I wouldn’t shoot doves with #9 shot much less a turkey. I’m trying to break head and neck bones. And sometimes at over 40 +yards. I’m also a waterfowl hunter and we have to use tungsten, hevi-Shot or Bismuth type loads that are readily available. Late season ducks and geese have heavy down feathers along with thick bones. And those hunting loads are bigger shot size. I would totally buy tungsten #9-12 Shot for snakes tho! Lol


----------



## garhtr

www.fieldandstream.com/ammo-review-tungsten-super-shot
It's all about ballistics , get something small but Heavy enough going fast enough and it's better than something big but light .
I'll never ( probably) use it but I certainly don't doubt it would be effective. Could make a 410 or 28 ga lethal for youth hunters. Personally I'd have to see it on the pattern board first but ---


----------



## joekacz

bonemonger said:


> TSS#9 shot is a 50 yard plus turkey killing machine, have hand loaded 15/8 20 gauge loads for years. Some of you guys should do some research before you post


For the high cost of it,it would have to perform better than the turkey loads that are available or there would be no sense to get it. I would love to try it but just hard to justify the cost.

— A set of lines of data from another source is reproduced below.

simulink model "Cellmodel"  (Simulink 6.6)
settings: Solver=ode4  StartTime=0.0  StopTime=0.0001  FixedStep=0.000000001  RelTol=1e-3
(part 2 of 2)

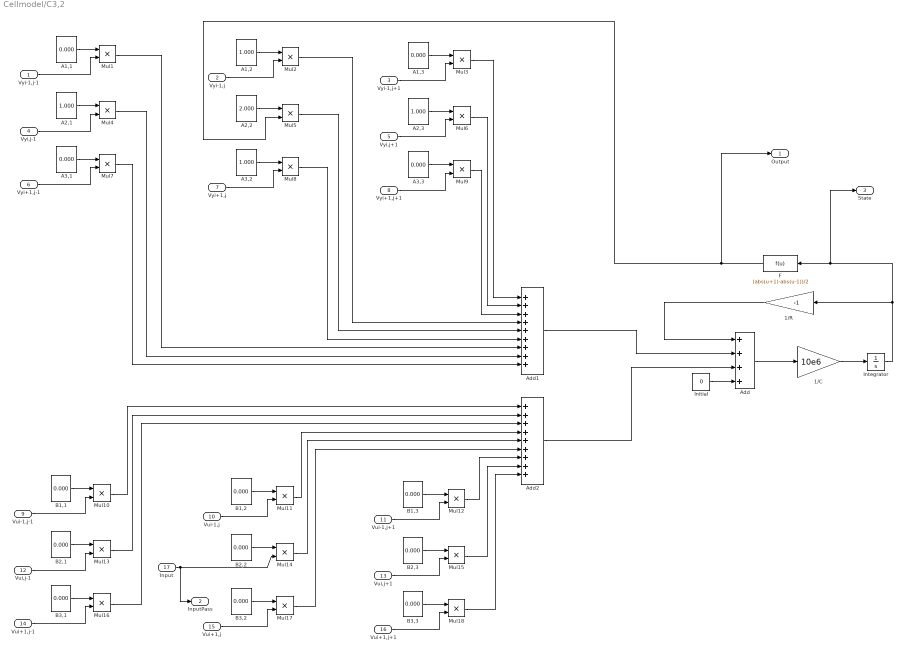
== system Cellmodel/C3,2 ==
  Vyi-1,j-1 : Inport
  Vyi-1,j : Inport  Port=2
  Vyi-1,j+1 : Inport  Port=3
  Vyi,j-1 : Inport  Port=4
  Vyi,j+1 : Inport  Port=5
  Vyi+1,j-1 : Inport  Port=6
  Vyi+1,j : Inport  Port=7
  Vyi+1,j+1 : Inport  Port=8
  Vui-1,j-1 : Inport  Port=9
  Vui-1,j : Inport  Port=10
  Vui-1,j+1 : Inport  Port=11
  Vui,j-1 : Inport  Port=12
  Vui,j+1 : Inport  Port=13
  Vui+1,j-1 : Inport  Port=14
  Vui+1,j : Inport  Port=15
  Vui+1,j+1 : Inport  Port=16
  Input : Inport  Port=17
  1/C : Gain  Gain=10e6
  1/R : Gain  Orientation=left  Gain=-1
  A1,1 : Constant  Value=0.000
  A1,2 : Constant  Value=1.000
  A1,3 : Constant  Value=0.000
  A2,1 : Constant  Value=1.000
  A2,2 : Constant  Value=2.000
  A2,3 : Constant  Value=1.000
  A3,1 : Constant  Value=0.000
  A3,2 : Constant  Value=1.000
  A3,3 : Constant  Value=0.000
  Add : Sum  Inputs=++++  OutScaling=2^-10
  Add1 : Sum  Inputs=+++++++++  OutScaling=2^-10
  Add2 : Sum  Inputs=+++++++++  OutScaling=2^-10
  B1,1 : Constant  Value=0.000
  B1,2 : Constant  Value=0.000
  B1,3 : Constant  Value=0.000
  B2,1 : Constant  Value=0.000
  B2,2 : Constant  Value=0.000
  B2,3 : Constant  Value=0.000
  B3,1 : Constant  Value=0.000
  B3,2 : Constant  Value=0.000
  B3,3 : Constant  Value=0.000
  F : Fcn  Orientation=left  Expr=(abs(u+1)-abs(u-1))/2
  Initial : Constant  Value=0
  Integrator : Integrator  InitialCondition=0.900
  Mul{1..18} (18 alike) : Product  Inputs=**  OutScaling=2^-10
  Output : Outport
  InputPass : Outport  Port=2
  State : Outport  Port=3
  wires:
  Add2/1 -> Add/3
  Input/1 -> InputPass/1, Mul14/2
  Mul18/1 -> Add2/9
  Mul15/1 -> Add2/8
  Mul12/1 -> Add2/7
  Mul17/1 -> Add2/6
  Mul14/1 -> Add2/5
  Mul11/1 -> Add2/4
  Mul16/1 -> Add2/3
  Mul13/1 -> Add2/2
  Mul10/1 -> Add2/1
  Vui+1,j+1/1 -> Mul18/2
  B3,3/1 -> Mul18/1
  Vui+1,j/1 -> Mul17/2
  B3,2/1 -> Mul17/1
  Vui+1,j-1/1 -> Mul16/2
  B3,1/1 -> Mul16/1
  Vui,j+1/1 -> Mul15/2
  B2,3/1 -> Mul15/1
  B2,2/1 -> Mul14/1
  Vui,j-1/1 -> Mul13/2
  B2,1/1 -> Mul13/1
  Vui-1,j+1/1 -> Mul12/2
  B1,3/1 -> Mul12/1
  Vui-1,j/1 -> Mul11/2
  B1,2/1 -> Mul11/1
  Vui-1,j-1/1 -> Mul10/2
  B1,1/1 -> Mul10/1
  Add1/1 -> Add/2
  Mul7/1 -> Add1/9
  Mul4/1 -> Add1/8
  Mul1/1 -> Add1/7
  Mul8/1 -> Add1/6
  Mul5/1 -> Add1/5
  Mul2/1 -> Add1/4
  Mul9/1 -> Add1/3
  Mul6/1 -> Add1/2
  Mul3/1 -> Add1/1
  F/1 -> Mul5/2, Output/1
  Vyi+1,j+1/1 -> Mul9/2
  A3,3/1 -> Mul9/1
  Vyi+1,j/1 -> Mul8/2
  A3,2/1 -> Mul8/1
  Vyi+1,j-1/1 -> Mul7/2
  A3,1/1 -> Mul7/1
  Vyi,j+1/1 -> Mul6/2
  A2,3/1 -> Mul6/1
  A2,2/1 -> Mul5/1
  Vyi,j-1/1 -> Mul4/2
  A2,1/1 -> Mul4/1
  Vyi-1,j+1/1 -> Mul3/2
  A1,3/1 -> Mul3/1
  Vyi-1,j/1 -> Mul2/2
  A1,2/1 -> Mul2/1
  Vyi-1,j-1/1 -> Mul1/2
  A1,1/1 -> Mul1/1
  Integrator/1 -> 1/R/1, F/1, State/1
  1/R/1 -> Add/1
  Initial/1 -> Add/4
  1/C/1 -> Integrator/1
  Add/1 -> 1/C/1

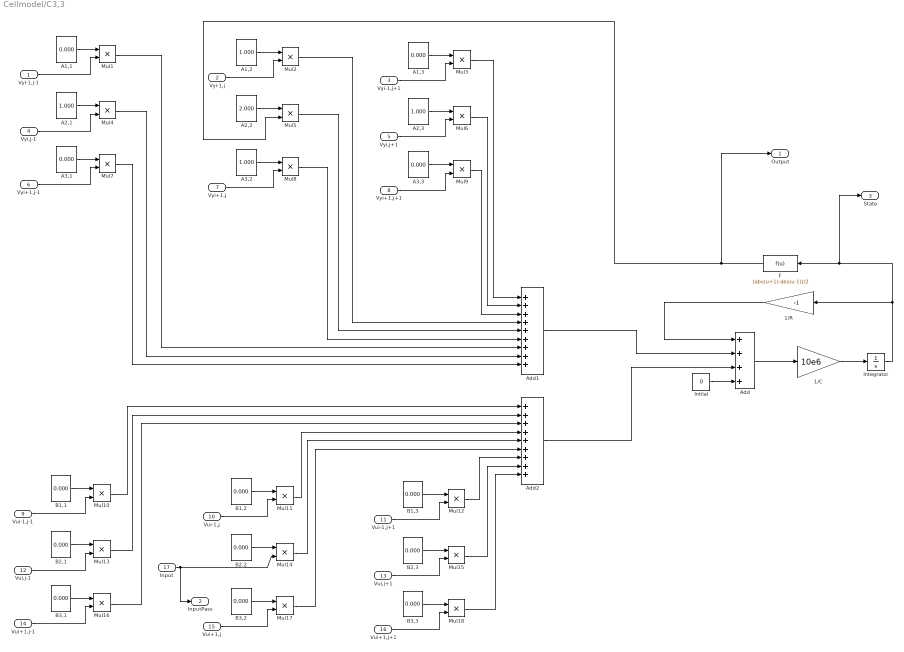
== system Cellmodel/C3,3 ==
  Vyi-1,j-1 : Inport
  Vyi-1,j : Inport  Port=2
  Vyi-1,j+1 : Inport  Port=3
  Vyi,j-1 : Inport  Port=4
  Vyi,j+1 : Inport  Port=5
  Vyi+1,j-1 : Inport  Port=6
  Vyi+1,j : Inport  Port=7
  Vyi+1,j+1 : Inport  Port=8
  Vui-1,j-1 : Inport  Port=9
  Vui-1,j : Inport  Port=10
  Vui-1,j+1 : Inport  Port=11
  Vui,j-1 : Inport  Port=12
  Vui,j+1 : Inport  Port=13
  Vui+1,j-1 : Inport  Port=14
  Vui+1,j : Inport  Port=15
  Vui+1,j+1 : Inport  Port=16
  Input : Inport  Port=17
  1/C : Gain  Gain=10e6
  1/R : Gain  Orientation=left  Gain=-1
  A1,1 : Constant  Value=0.000
  A1,2 : Constant  Value=1.000
  A1,3 : Constant  Value=0.000
  A2,1 : Constant  Value=1.000
  A2,2 : Constant  Value=2.000
  A2,3 : Constant  Value=1.000
  A3,1 : Constant  Value=0.000
  A3,2 : Constant  Value=1.000
  A3,3 : Constant  Value=0.000
  Add : Sum  Inputs=++++  OutScaling=2^-10
  Add1 : Sum  Inputs=+++++++++  OutScaling=2^-10
  Add2 : Sum  Inputs=+++++++++  OutScaling=2^-10
  B1,1 : Constant  Value=0.000
  B1,2 : Constant  Value=0.000
  B1,3 : Constant  Value=0.000
  B2,1 : Constant  Value=0.000
  B2,2 : Constant  Value=0.000
  B2,3 : Constant  Value=0.000
  B3,1 : Constant  Value=0.000
  B3,2 : Constant  Value=0.000
  B3,3 : Constant  Value=0.000
  F : Fcn  Orientation=left  Expr=(abs(u+1)-abs(u-1))/2
  Initial : Constant  Value=0
  Integrator : Integrator  InitialCondition=-1.000
  Mul{1..18} (18 alike) : Product  Inputs=**  OutScaling=2^-10
  Output : Outport
  InputPass : Outport  Port=2
  State : Outport  Port=3
  wires:
  Add/1 -> 1/C/1
  1/C/1 -> Integrator/1
  Initial/1 -> Add/4
  1/R/1 -> Add/1
  Integrator/1 -> 1/R/1, F/1, State/1
  A1,1/1 -> Mul1/1
  Vyi-1,j-1/1 -> Mul1/2
  A1,2/1 -> Mul2/1
  Vyi-1,j/1 -> Mul2/2
  A1,3/1 -> Mul3/1
  Vyi-1,j+1/1 -> Mul3/2
  A2,1/1 -> Mul4/1
  Vyi,j-1/1 -> Mul4/2
  A2,2/1 -> Mul5/1
  A2,3/1 -> Mul6/1
  Vyi,j+1/1 -> Mul6/2
  A3,1/1 -> Mul7/1
  Vyi+1,j-1/1 -> Mul7/2
  A3,2/1 -> Mul8/1
  Vyi+1,j/1 -> Mul8/2
  A3,3/1 -> Mul9/1
  Vyi+1,j+1/1 -> Mul9/2
  F/1 -> Mul5/2, Output/1
  Mul3/1 -> Add1/1
  Mul6/1 -> Add1/2
  Mul9/1 -> Add1/3
  Mul2/1 -> Add1/4
  Mul5/1 -> Add1/5
  Mul8/1 -> Add1/6
  Mul1/1 -> Add1/7
  Mul4/1 -> Add1/8
  Mul7/1 -> Add1/9
  Add1/1 -> Add/2
  B1,1/1 -> Mul10/1
  Vui-1,j-1/1 -> Mul10/2
  B1,2/1 -> Mul11/1
  Vui-1,j/1 -> Mul11/2
  B1,3/1 -> Mul12/1
  Vui-1,j+1/1 -> Mul12/2
  B2,1/1 -> Mul13/1
  Vui,j-1/1 -> Mul13/2
  B2,2/1 -> Mul14/1
  B2,3/1 -> Mul15/1
  Vui,j+1/1 -> Mul15/2
  B3,1/1 -> Mul16/1
  Vui+1,j-1/1 -> Mul16/2
  B3,2/1 -> Mul17/1
  Vui+1,j/1 -> Mul17/2
  B3,3/1 -> Mul18/1
  Vui+1,j+1/1 -> Mul18/2
  Mul10/1 -> Add2/1
  Mul13/1 -> Add2/2
  Mul16/1 -> Add2/3
  Mul11/1 -> Add2/4
  Mul14/1 -> Add2/5
  Mul17/1 -> Add2/6
  Mul12/1 -> Add2/7
  Mul15/1 -> Add2/8
  Mul18/1 -> Add2/9
  Input/1 -> Mul14/2, InputPass/1
  Add2/1 -> Add/3

== system Cellmodel/C3,4 ==
  Vyi-1,j-1 : Inport
  Vyi-1,j : Inport  Port=2
  Vyi-1,j+1 : Inport  Port=3
  Vyi,j-1 : Inport  Port=4
  Vyi,j+1 : Inport  Port=5
  Vyi+1,j-1 : Inport  Port=6
  Vyi+1,j : Inport  Port=7
  Vyi+1,j+1 : Inport  Port=8
  Vui-1,j-1 : Inport  Port=9
  Vui-1,j : Inport  Port=10
  Vui-1,j+1 : Inport  Port=11
  Vui,j-1 : Inport  Port=12
  Vui,j+1 : Inport  Port=13
  Vui+1,j-1 : Inport  Port=14
  Vui+1,j : Inport  Port=15
  Vui+1,j+1 : Inport  Port=16
  Input : Inport  Port=17
  1/C : Gain  Gain=10e6
  1/R : Gain  Orientation=left  Gain=-1
  A1,1 : Constant  Value=0.000
  A1,2 : Constant  Value=1.000
  A1,3 : Constant  Value=0.000
  A2,1 : Constant  Value=1.000
  A2,2 : Constant  Value=2.000
  A2,3 : Constant  Value=1.000
  A3,1 : Constant  Value=0.000
  A3,2 : Constant  Value=1.000
  A3,3 : Constant  Value=0.000
  Add : Sum  Inputs=++++  OutScaling=2^-10
  Add1 : Sum  Inputs=+++++++++  OutScaling=2^-10
  Add2 : Sum  Inputs=+++++++++  OutScaling=2^-10
  B1,1 : Constant  Value=0.000
  B1,2 : Constant  Value=0.000
  B1,3 : Constant  Value=0.000
  B2,1 : Constant  Value=0.000
  B2,2 : Constant  Value=0.000
  B2,3 : Constant  Value=0.000
  B3,1 : Constant  Value=0.000
  B3,2 : Constant  Value=0.000
  B3,3 : Constant  Value=0.000
  F : Fcn  Orientation=left  Expr=(abs(u+1)-abs(u-1))/2
  Initial : Constant  Value=0
  Integrator : Integrator  InitialCondition=-0.800
  Mul{1..18} (18 alike) : Product  Inputs=**  OutScaling=2^-10
  Output : Outport
  InputPass : Outport  Port=2
  State : Outport  Port=3
  wires:
  Add2/1 -> Add/3
  Input/1 -> InputPass/1, Mul14/2
  Mul18/1 -> Add2/9
  Mul15/1 -> Add2/8
  Mul12/1 -> Add2/7
  Mul17/1 -> Add2/6
  Mul14/1 -> Add2/5
  Mul11/1 -> Add2/4
  Mul16/1 -> Add2/3
  Mul13/1 -> Add2/2
  Mul10/1 -> Add2/1
  Vui+1,j+1/1 -> Mul18/2
  B3,3/1 -> Mul18/1
  Vui+1,j/1 -> Mul17/2
  B3,2/1 -> Mul17/1
  Vui+1,j-1/1 -> Mul16/2
  B3,1/1 -> Mul16/1
  Vui,j+1/1 -> Mul15/2
  B2,3/1 -> Mul15/1
  B2,2/1 -> Mul14/1
  Vui,j-1/1 -> Mul13/2
  B2,1/1 -> Mul13/1
  Vui-1,j+1/1 -> Mul12/2
  B1,3/1 -> Mul12/1
  Vui-1,j/1 -> Mul11/2
  B1,2/1 -> Mul11/1
  Vui-1,j-1/1 -> Mul10/2
  B1,1/1 -> Mul10/1
  Add1/1 -> Add/2
  Mul7/1 -> Add1/9
  Mul4/1 -> Add1/8
  Mul1/1 -> Add1/7
  Mul8/1 -> Add1/6
  Mul5/1 -> Add1/5
  Mul2/1 -> Add1/4
  Mul9/1 -> Add1/3
  Mul6/1 -> Add1/2
  Mul3/1 -> Add1/1
  F/1 -> Mul5/2, Output/1
  Vyi+1,j+1/1 -> Mul9/2
  A3,3/1 -> Mul9/1
  Vyi+1,j/1 -> Mul8/2
  A3,2/1 -> Mul8/1
  Vyi+1,j-1/1 -> Mul7/2
  A3,1/1 -> Mul7/1
  Vyi,j+1/1 -> Mul6/2
  A2,3/1 -> Mul6/1
  A2,2/1 -> Mul5/1
  Vyi,j-1/1 -> Mul4/2
  A2,1/1 -> Mul4/1
  Vyi-1,j+1/1 -> Mul3/2
  A1,3/1 -> Mul3/1
  Vyi-1,j/1 -> Mul2/2
  A1,2/1 -> Mul2/1
  Vyi-1,j-1/1 -> Mul1/2
  A1,1/1 -> Mul1/1
  Integrator/1 -> 1/R/1, F/1, State/1
  1/R/1 -> Add/1
  Initial/1 -> Add/4
  1/C/1 -> Integrator/1
  Add/1 -> 1/C/1

== system Cellmodel/C4,1 ==
  Vyi-1,j-1 : Inport
  Vyi-1,j : Inport  Port=2
  Vyi-1,j+1 : Inport  Port=3
  Vyi,j-1 : Inport  Port=4
  Vyi,j+1 : Inport  Port=5
  Vyi+1,j-1 : Inport  Port=6
  Vyi+1,j : Inport  Port=7
  Vyi+1,j+1 : Inport  Port=8
  Vui-1,j-1 : Inport  Port=9
  Vui-1,j : Inport  Port=10
  Vui-1,j+1 : Inport  Port=11
  Vui,j-1 : Inport  Port=12
  Vui,j+1 : Inport  Port=13
  Vui+1,j-1 : Inport  Port=14
  Vui+1,j : Inport  Port=15
  Vui+1,j+1 : Inport  Port=16
  Input : Inport  Port=17
  1/C : Gain  Gain=10e6
  1/R : Gain  Orientation=left  Gain=-1
  A1,1 : Constant  Value=0.000
  A1,2 : Constant  Value=1.000
  A1,3 : Constant  Value=0.000
  A2,1 : Constant  Value=1.000
  A2,2 : Constant  Value=2.000
  A2,3 : Constant  Value=1.000
  A3,1 : Constant  Value=0.000
  A3,2 : Constant  Value=1.000
  A3,3 : Constant  Value=0.000
  Add : Sum  Inputs=++++  OutScaling=2^-10
  Add1 : Sum  Inputs=+++++++++  OutScaling=2^-10
  Add2 : Sum  Inputs=+++++++++  OutScaling=2^-10
  B1,1 : Constant  Value=0.000
  B1,2 : Constant  Value=0.000
  B1,3 : Constant  Value=0.000
  B2,1 : Constant  Value=0.000
  B2,2 : Constant  Value=0.000
  B2,3 : Constant  Value=0.000
  B3,1 : Constant  Value=0.000
  B3,2 : Constant  Value=0.000
  B3,3 : Constant  Value=0.000
  F : Fcn  Orientation=left  Expr=(abs(u+1)-abs(u-1))/2
  Initial : Constant  Value=0
  Integrator : Integrator  InitialCondition=-0.900
  Mul{1..18} (18 alike) : Product  Inputs=**  OutScaling=2^-10
  Output : Outport
  InputPass : Outport  Port=2
  State : Outport  Port=3
  wires:
  Add2/1 -> Add/3
  Input/1 -> InputPass/1, Mul14/2
  Mul18/1 -> Add2/9
  Mul15/1 -> Add2/8
  Mul12/1 -> Add2/7
  Mul17/1 -> Add2/6
  Mul14/1 -> Add2/5
  Mul11/1 -> Add2/4
  Mul16/1 -> Add2/3
  Mul13/1 -> Add2/2
  Mul10/1 -> Add2/1
  Vui+1,j+1/1 -> Mul18/2
  B3,3/1 -> Mul18/1
  Vui+1,j/1 -> Mul17/2
  B3,2/1 -> Mul17/1
  Vui+1,j-1/1 -> Mul16/2
  B3,1/1 -> Mul16/1
  Vui,j+1/1 -> Mul15/2
  B2,3/1 -> Mul15/1
  B2,2/1 -> Mul14/1
  Vui,j-1/1 -> Mul13/2
  B2,1/1 -> Mul13/1
  Vui-1,j+1/1 -> Mul12/2
  B1,3/1 -> Mul12/1
  Vui-1,j/1 -> Mul11/2
  B1,2/1 -> Mul11/1
  Vui-1,j-1/1 -> Mul10/2
  B1,1/1 -> Mul10/1
  Add1/1 -> Add/2
  Mul7/1 -> Add1/9
  Mul4/1 -> Add1/8
  Mul1/1 -> Add1/7
  Mul8/1 -> Add1/6
  Mul5/1 -> Add1/5
  Mul2/1 -> Add1/4
  Mul9/1 -> Add1/3
  Mul6/1 -> Add1/2
  Mul3/1 -> Add1/1
  F/1 -> Mul5/2, Output/1
  Vyi+1,j+1/1 -> Mul9/2
  A3,3/1 -> Mul9/1
  Vyi+1,j/1 -> Mul8/2
  A3,2/1 -> Mul8/1
  Vyi+1,j-1/1 -> Mul7/2
  A3,1/1 -> Mul7/1
  Vyi,j+1/1 -> Mul6/2
  A2,3/1 -> Mul6/1
  A2,2/1 -> Mul5/1
  Vyi,j-1/1 -> Mul4/2
  A2,1/1 -> Mul4/1
  Vyi-1,j+1/1 -> Mul3/2
  A1,3/1 -> Mul3/1
  Vyi-1,j/1 -> Mul2/2
  A1,2/1 -> Mul2/1
  Vyi-1,j-1/1 -> Mul1/2
  A1,1/1 -> Mul1/1
  Integrator/1 -> 1/R/1, F/1, State/1
  1/R/1 -> Add/1
  Initial/1 -> Add/4
  1/C/1 -> Integrator/1
  Add/1 -> 1/C/1

== system Cellmodel/C4,2 ==
  Vyi-1,j-1 : Inport
  Vyi-1,j : Inport  Port=2
  Vyi-1,j+1 : Inport  Port=3
  Vyi,j-1 : Inport  Port=4
  Vyi,j+1 : Inport  Port=5
  Vyi+1,j-1 : Inport  Port=6
  Vyi+1,j : Inport  Port=7
  Vyi+1,j+1 : Inport  Port=8
  Vui-1,j-1 : Inport  Port=9
  Vui-1,j : Inport  Port=10
  Vui-1,j+1 : Inport  Port=11
  Vui,j-1 : Inport  Port=12
  Vui,j+1 : Inport  Port=13
  Vui+1,j-1 : Inport  Port=14
  Vui+1,j : Inport  Port=15
  Vui+1,j+1 : Inport  Port=16
  Input : Inport  Port=17
  1/C : Gain  Gain=10e6
  1/R : Gain  Orientation=left  Gain=-1
  A1,1 : Constant  Value=0.000
  A1,2 : Constant  Value=1.000
  A1,3 : Constant  Value=0.000
  A2,1 : Constant  Value=1.000
  A2,2 : Constant  Value=2.000
  A2,3 : Constant  Value=1.000
  A3,1 : Constant  Value=0.000
  A3,2 : Constant  Value=1.000
  A3,3 : Constant  Value=0.000
  Add : Sum  Inputs=++++  OutScaling=2^-10
  Add1 : Sum  Inputs=+++++++++  OutScaling=2^-10
  Add2 : Sum  Inputs=+++++++++  OutScaling=2^-10
  B1,1 : Constant  Value=0.000
  B1,2 : Constant  Value=0.000
  B1,3 : Constant  Value=0.000
  B2,1 : Constant  Value=0.000
  B2,2 : Constant  Value=0.000
  B2,3 : Constant  Value=0.000
  B3,1 : Constant  Value=0.000
  B3,2 : Constant  Value=0.000
  B3,3 : Constant  Value=0.000
  F : Fcn  Orientation=left  Expr=(abs(u+1)-abs(u-1))/2
  Initial : Constant  Value=0
  Integrator : Integrator  InitialCondition=-1.000
  Mul{1..18} (18 alike) : Product  Inputs=**  OutScaling=2^-10
  Output : Outport
  InputPass : Outport  Port=2
  State : Outport  Port=3
  wires:
  Add/1 -> 1/C/1
  1/C/1 -> Integrator/1
  Initial/1 -> Add/4
  1/R/1 -> Add/1
  Integrator/1 -> 1/R/1, F/1, State/1
  A1,1/1 -> Mul1/1
  Vyi-1,j-1/1 -> Mul1/2
  A1,2/1 -> Mul2/1
  Vyi-1,j/1 -> Mul2/2
  A1,3/1 -> Mul3/1
  Vyi-1,j+1/1 -> Mul3/2
  A2,1/1 -> Mul4/1
  Vyi,j-1/1 -> Mul4/2
  A2,2/1 -> Mul5/1
  A2,3/1 -> Mul6/1
  Vyi,j+1/1 -> Mul6/2
  A3,1/1 -> Mul7/1
  Vyi+1,j-1/1 -> Mul7/2
  A3,2/1 -> Mul8/1
  Vyi+1,j/1 -> Mul8/2
  A3,3/1 -> Mul9/1
  Vyi+1,j+1/1 -> Mul9/2
  F/1 -> Mul5/2, Output/1
  Mul3/1 -> Add1/1
  Mul6/1 -> Add1/2
  Mul9/1 -> Add1/3
  Mul2/1 -> Add1/4
  Mul5/1 -> Add1/5
  Mul8/1 -> Add1/6
  Mul1/1 -> Add1/7
  Mul4/1 -> Add1/8
  Mul7/1 -> Add1/9
  Add1/1 -> Add/2
  B1,1/1 -> Mul10/1
  Vui-1,j-1/1 -> Mul10/2
  B1,2/1 -> Mul11/1
  Vui-1,j/1 -> Mul11/2
  B1,3/1 -> Mul12/1
  Vui-1,j+1/1 -> Mul12/2
  B2,1/1 -> Mul13/1
  Vui,j-1/1 -> Mul13/2
  B2,2/1 -> Mul14/1
  B2,3/1 -> Mul15/1
  Vui,j+1/1 -> Mul15/2
  B3,1/1 -> Mul16/1
  Vui+1,j-1/1 -> Mul16/2
  B3,2/1 -> Mul17/1
  Vui+1,j/1 -> Mul17/2
  B3,3/1 -> Mul18/1
  Vui+1,j+1/1 -> Mul18/2
  Mul10/1 -> Add2/1
  Mul13/1 -> Add2/2
  Mul16/1 -> Add2/3
  Mul11/1 -> Add2/4
  Mul14/1 -> Add2/5
  Mul17/1 -> Add2/6
  Mul12/1 -> Add2/7
  Mul15/1 -> Add2/8
  Mul18/1 -> Add2/9
  Input/1 -> Mul14/2, InputPass/1
  Add2/1 -> Add/3

== system Cellmodel/C4,3 ==
  Vyi-1,j-1 : Inport
  Vyi-1,j : Inport  Port=2
  Vyi-1,j+1 : Inport  Port=3
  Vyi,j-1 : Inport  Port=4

If I reloaded then it might be somewhat cheaper. As for distance of lethal kill, my friend's buddy killed a bird with it 70yds., that's why I posted the question and now your saying the same thing he did. So there's,in my oplnlon,validity to this loads capabilities.Thank's for the info.


----------



## bobk

Old school #5’s still work. 40 yrds. Took a buddy out for his first longbeard on Saturday.Fun day in the woods. 2 came in around 11:15 and put in quite the show.


----------



## miked913

My wife killed this one Friday and shot it with federal 3rd degree, 20ga at 34 yds. It was interesting the #7 barely penetrated the skin while the copper #5's we're through the breast meat and against the breast bone. These different loads are supposed to do different things at different distance and I think it worked exactly as they say, I never did pick out a #6 flight stopper though but supposedly they're in there too. Either way he ain't getting any deader









Sent from my XT1585 using Tapatalk


----------



## joekacz

miked913 said:


> My wife killed this one Friday and shot it with federal 3rd degree, 20ga at 34 yds. It was interesting the #7 barely penetrated the skin while the copper #5's we're through the breast meat and against the breast bone. These different loads are supposed to do different things at different distance and I think it worked exactly as they say, I never did pick out a #6 flight stopper though but supposedly they're in there too. Either way he ain't getting any deadere
> 
> Sent from my XT1585 using Tapatalk


Great bird! Sometimes I think those mixed load's with the small shot In there are used for buffering instead of polymers. Either way what ever work's. Turkey hunter's want call's that work,fisherman want lures that catch fish and my wife want's me to stop spending money on the first two! Oh well my guess would be that the last one won't happen. Just my opinion.


----------



## Carpn

A buddy of mine has been using the TSS this yr . I guess the #9 weigh as much as number 5 or 6 lead ? Whatever the difference I can't bring myself to buy them at that cost . We will see next yr . Lol. I think they'd be a benefit for smaller gauges


----------



## miked913

My wife has tagged out with a youth 20ga. Out side in the woods, how are you guys doing?









Sent from my XT1585 using Tapatalk


----------



## Carpn

The 20 gauge will do it . My 8 yr old son shot this one Saturday with a 20 . Luckily his buddy lingered so I could finish out .


----------



## bonemonger

Congratulations Jake,we have a mutual friend. Zach,gr great job with your son. My bil came in from Florida yesterday and we had a bird killed before 7.


----------



## bonemonger

I'm done for the season, still taking out the wife and anyone else that wants to enjoy the spring woods


----------



## Carpn

bonemonger said:


> I'm done for the season, still taking out the wife and anyone else that wants to enjoy the spring woods


Good stuff man. It has been a great spring . I truely enjoy tirtur hunting . I almost feel like I get to enjoy the hunt more when I'm not the trigger guy . Just get to watch the show unfold . With my son it's different tho keeping him focused and keeping the shooting stick steady . 
But with him I mostly hunt out of a blind . At his age it's too tough running and gunning .


----------



## bonemonger

My wife has MS,so when she goes we're restricted to a blind because she can't walk very far. It was a great morning the birds finally responded great.


----------



## SelfTaught

Carpn said:


> The 20 gauge will do it . My 8 yr old son shot this one Saturday with a 20 . Luckily his buddy lingered so I could finish out .
> View attachment 261821



That is awesome. Congrats!


----------



## ducknut141

I meant #9 lead skeet loads. I don't shoot over 20 yards. But I still shoot Longbeard XR


----------